### What is expected
Produce word for word the lines of the data below running from the one that has "#10=(LENGTH_UNIT() NAMED_UNIT(*) SI_UNIT(.MILLI.,.METRE.));" to the one that has "#15=CARTESIAN_POINT('',(0.,0.,0.));", inclusive, and no others.

Source records:
+ + + + + + +

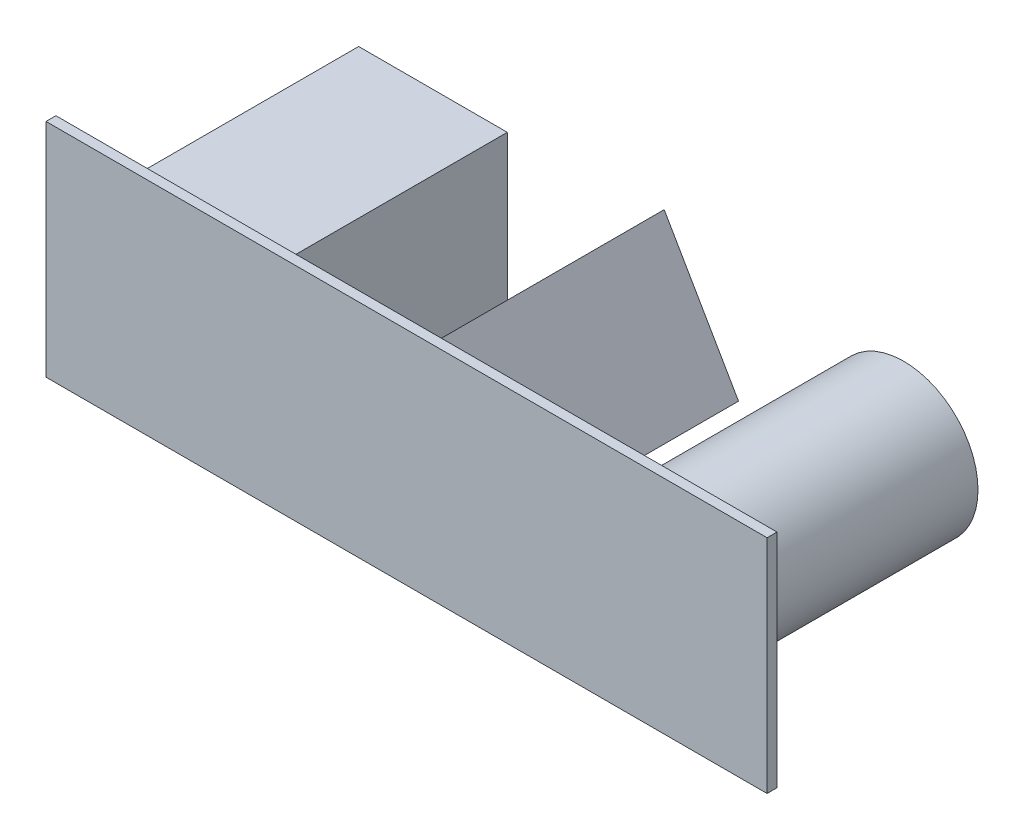
ISO-10303-21;
HEADER;
FILE_DESCRIPTION(('STEP AP214'),'2;1');
FILE_NAME('part.step','',(''),(''),'','','');
FILE_SCHEMA(('AUTOMOTIVE_DESIGN { 1 0 10303 214 1 1 1 1 }'));
ENDSEC;
DATA;
#1=APPLICATION_CONTEXT('core data for automotive mechanical design processes');
#2=APPLICATION_PROTOCOL_DEFINITION('international standard','automotive_design',2000,#1);
#3=PRODUCT_CONTEXT('',#1,'mechanical');
#4=PRODUCT('Part','Part','',(#3));
#5=PRODUCT_RELATED_PRODUCT_CATEGORY('part','',(#4));
#6=PRODUCT_DEFINITION_FORMATION('','',#4);
#7=PRODUCT_DEFINITION_CONTEXT('part definition',#1,'design');
#8=PRODUCT_DEFINITION('design','',#6,#7);
#9=PRODUCT_DEFINITION_SHAPE('','',#8);
#10=(LENGTH_UNIT() NAMED_UNIT(*) SI_UNIT(.MILLI.,.METRE.));
#11=(NAMED_UNIT(*) PLANE_ANGLE_UNIT() SI_UNIT($,.RADIAN.));
#12=(NAMED_UNIT(*) SI_UNIT($,.STERADIAN.) SOLID_ANGLE_UNIT());
#13=UNCERTAINTY_MEASURE_WITH_UNIT(LENGTH_MEASURE(1.E-05),#10,'distance_accuracy_value','');
#14=(GEOMETRIC_REPRESENTATION_CONTEXT(3) GLOBAL_UNCERTAINTY_ASSIGNED_CONTEXT((#13)) GLOBAL_UNIT_ASSIGNED_CONTEXT((#10,
#11,#12)) REPRESENTATION_CONTEXT('',''));
#15=CARTESIAN_POINT('',(0.,0.,0.));
#16=DIRECTION('',(0.,0.,1.));
#17=DIRECTION('',(1.,0.,0.));
#18=AXIS2_PLACEMENT_3D('',#15,#16,#17);
#19=CARTESIAN_POINT('',(0.,-12.9903810567665,75.));
#20=DIRECTION('',(0.,-1.,0.));
#21=DIRECTION('',(1.,0.,0.));
#22=AXIS2_PLACEMENT_3D('',#19,#20,#21);
#23=PLANE('',#22);
#24=DIRECTION('',(-1.,0.,0.));
#25=VECTOR('',#24,1.);
#26=CARTESIAN_POINT('',(0.,-12.9903810567665,0.));
#27=LINE('',#26,#25);
#28=CARTESIAN_POINT('',(22.5,-12.9903810567665,0.));
#29=VERTEX_POINT('',#28);
#30=CARTESIAN_POINT('',(-22.5,-12.9903810567665,0.));
#31=VERTEX_POINT('',#30);
#32=EDGE_CURVE('E211',#29,#31,#27,.T.);
#33=ORIENTED_EDGE('',*,*,#32,.F.);
#34=DIRECTION('',(0.,0.,-1.));
#35=VECTOR('',#34,1.);
#36=CARTESIAN_POINT('',(22.5,-12.9903810567665,75.));
#37=LINE('',#36,#35);
#38=CARTESIAN_POINT('',(22.5,-12.9903810567665,75.));
#39=VERTEX_POINT('',#38);
#40=EDGE_CURVE('E49',#39,#29,#37,.T.);
#41=ORIENTED_EDGE('',*,*,#40,.F.);
#42=DIRECTION('',(-1.,0.,0.));
#43=VECTOR('',#42,1.);
#44=CARTESIAN_POINT('',(0.,-12.9903810567665,75.));
#45=LINE('',#44,#43);
#46=CARTESIAN_POINT('',(-22.5,-12.9903810567665,75.));
#47=VERTEX_POINT('',#46);
#48=EDGE_CURVE('E212',#39,#47,#45,.T.);
#49=ORIENTED_EDGE('',*,*,#48,.T.);
#50=DIRECTION('',(0.,0.,-1.));
#51=VECTOR('',#50,1.);
#52=CARTESIAN_POINT('',(-22.5,-12.9903810567665,75.));
#53=LINE('',#52,#51);
#54=EDGE_CURVE('E225',#47,#31,#53,.T.);
#55=ORIENTED_EDGE('',*,*,#54,.T.);
#56=EDGE_LOOP('',(#33,#41,#49,#55));
#57=FACE_BOUND('',#56,.T.);
#58=ADVANCED_FACE('F41',(#57),#23,.T.);
#59=CARTESIAN_POINT('',(11.25,6.4951905283833,75.));
#60=DIRECTION('',(0.866025403784438,0.5,0.));
#61=DIRECTION('',(-0.5,0.866025403784439,0.));
#62=AXIS2_PLACEMENT_3D('',#59,#60,#61);
#63=PLANE('',#62);
#64=DIRECTION('',(0.5,-0.866025403784439,0.));
#65=VECTOR('',#64,1.);
#66=CARTESIAN_POINT('',(11.25,6.4951905283833,0.));
#67=LINE('',#66,#65);
#68=CARTESIAN_POINT('',(0.,25.9807621135332,0.));
#69=VERTEX_POINT('',#68);
#70=EDGE_CURVE('E229',#69,#29,#67,.T.);
#71=ORIENTED_EDGE('',*,*,#70,.F.);
#72=DIRECTION('',(0.,0.,-1.));
#73=VECTOR('',#72,1.);
#74=CARTESIAN_POINT('',(0.,25.9807621135332,75.));
#75=LINE('',#74,#73);
#76=CARTESIAN_POINT('',(0.,25.9807621135332,75.));
#77=VERTEX_POINT('',#76);
#78=EDGE_CURVE('E238',#77,#69,#75,.T.);
#79=ORIENTED_EDGE('',*,*,#78,.F.);
#80=DIRECTION('',(0.5,-0.866025403784439,0.));
#81=VECTOR('',#80,1.);
#82=CARTESIAN_POINT('',(11.25,6.4951905283833,75.));
#83=LINE('',#82,#81);
#84=EDGE_CURVE('E216',#77,#39,#83,.T.);
#85=ORIENTED_EDGE('',*,*,#84,.T.);
#86=ORIENTED_EDGE('',*,*,#40,.T.);
#87=EDGE_LOOP('',(#71,#79,#85,#86));
#88=FACE_BOUND('',#87,.T.);
#89=ADVANCED_FACE('F245',(#88),#63,.T.);
#90=CARTESIAN_POINT('',(-11.25,6.49519052838329,75.));
#91=DIRECTION('',(-0.866025403784439,0.5,0.));
#92=DIRECTION('',(-0.5,-0.866025403784439,0.));
#93=AXIS2_PLACEMENT_3D('',#90,#91,#92);
#94=PLANE('',#93);
#95=DIRECTION('',(0.5,0.866025403784439,0.));
#96=VECTOR('',#95,1.);
#97=CARTESIAN_POINT('',(-11.25,6.49519052838329,0.));
#98=LINE('',#97,#96);
#99=EDGE_CURVE('E217',#31,#69,#98,.T.);
#100=ORIENTED_EDGE('',*,*,#99,.F.);
#101=ORIENTED_EDGE('',*,*,#54,.F.);
#102=DIRECTION('',(0.5,0.866025403784439,0.));
#103=VECTOR('',#102,1.);
#104=CARTESIAN_POINT('',(-11.25,6.49519052838329,75.));
#105=LINE('',#104,#103);
#106=EDGE_CURVE('E221',#47,#77,#105,.T.);
#107=ORIENTED_EDGE('',*,*,#106,.T.);
#108=ORIENTED_EDGE('',*,*,#78,.T.);
#109=EDGE_LOOP('',(#100,#101,#107,#108));
#110=FACE_BOUND('',#109,.T.);
#111=ADVANCED_FACE('F253',(#110),#94,.T.);
#112=CARTESIAN_POINT('',(0.,0.,0.));
#113=DIRECTION('',(0.,0.,1.));
#114=DIRECTION('',(1.,0.,0.));
#115=AXIS2_PLACEMENT_3D('',#112,#113,#114);
#116=PLANE('',#115);
#117=ORIENTED_EDGE('',*,*,#32,.T.);
#118=ORIENTED_EDGE('',*,*,#99,.T.);
#119=ORIENTED_EDGE('',*,*,#70,.T.);
#120=EDGE_LOOP('',(#117,#118,#119));
#121=FACE_BOUND('',#120,.T.);
#122=ADVANCED_FACE('F251',(#121),#116,.F.);
#123=CARTESIAN_POINT('',(-109.148671952805,-33.5279328530498,78.));
#124=DIRECTION('',(1.,0.,0.));
#125=DIRECTION('',(0.,0.,-1.));
#126=AXIS2_PLACEMENT_3D('',#123,#124,#125);
#127=PLANE('',#126);
#128=DIRECTION('',(0.,-1.,0.));
#129=VECTOR('',#128,1.);
#130=CARTESIAN_POINT('',(-109.148671952805,-33.5279328530498,75.));
#131=LINE('',#130,#129);
#132=CARTESIAN_POINT('',(-109.148671952805,33.5279328530498,75.));
#133=VERTEX_POINT('',#132);
#134=CARTESIAN_POINT('',(-109.148671952805,-33.5279328530498,75.));
#135=VERTEX_POINT('',#134);
#136=EDGE_CURVE('E169',#133,#135,#131,.T.);
#137=ORIENTED_EDGE('',*,*,#136,.T.);
#138=DIRECTION('',(0.,0.,-1.));
#139=VECTOR('',#138,1.);
#140=CARTESIAN_POINT('',(-109.148671952805,-33.5279328530498,78.));
#141=LINE('',#140,#139);
#142=CARTESIAN_POINT('',(-109.148671952805,-33.5279328530498,78.));
#143=VERTEX_POINT('',#142);
#144=EDGE_CURVE('E207',#143,#135,#141,.T.);
#145=ORIENTED_EDGE('',*,*,#144,.F.);
#146=DIRECTION('',(0.,-1.,0.));
#147=VECTOR('',#146,1.);
#148=CARTESIAN_POINT('',(-109.148671952805,-33.5279328530498,78.));
#149=LINE('',#148,#147);
#150=CARTESIAN_POINT('',(-109.148671952805,33.5279328530498,78.));
#151=VERTEX_POINT('',#150);
#152=EDGE_CURVE('E170',#151,#143,#149,.T.);
#153=ORIENTED_EDGE('',*,*,#152,.F.);
#154=DIRECTION('',(0.,0.,-1.));
#155=VECTOR('',#154,1.);
#156=CARTESIAN_POINT('',(-109.148671952805,33.5279328530498,78.));
#157=LINE('',#156,#155);
#158=EDGE_CURVE('E184',#151,#133,#157,.T.);
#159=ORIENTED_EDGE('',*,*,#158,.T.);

+ + + + + + +

### Task output
#10=(LENGTH_UNIT() NAMED_UNIT(*) SI_UNIT(.MILLI.,.METRE.));
#11=(NAMED_UNIT(*) PLANE_ANGLE_UNIT() SI_UNIT($,.RADIAN.));
#12=(NAMED_UNIT(*) SI_UNIT($,.STERADIAN.) SOLID_ANGLE_UNIT());
#13=UNCERTAINTY_MEASURE_WITH_UNIT(LENGTH_MEASURE(1.E-05),#10,'distance_accuracy_value','');
#14=(GEOMETRIC_REPRESENTATION_CONTEXT(3) GLOBAL_UNCERTAINTY_ASSIGNED_CONTEXT((#13)) GLOBAL_UNIT_ASSIGNED_CONTEXT((#10,
#11,#12)) REPRESENTATION_CONTEXT('',''));
#15=CARTESIAN_POINT('',(0.,0.,0.));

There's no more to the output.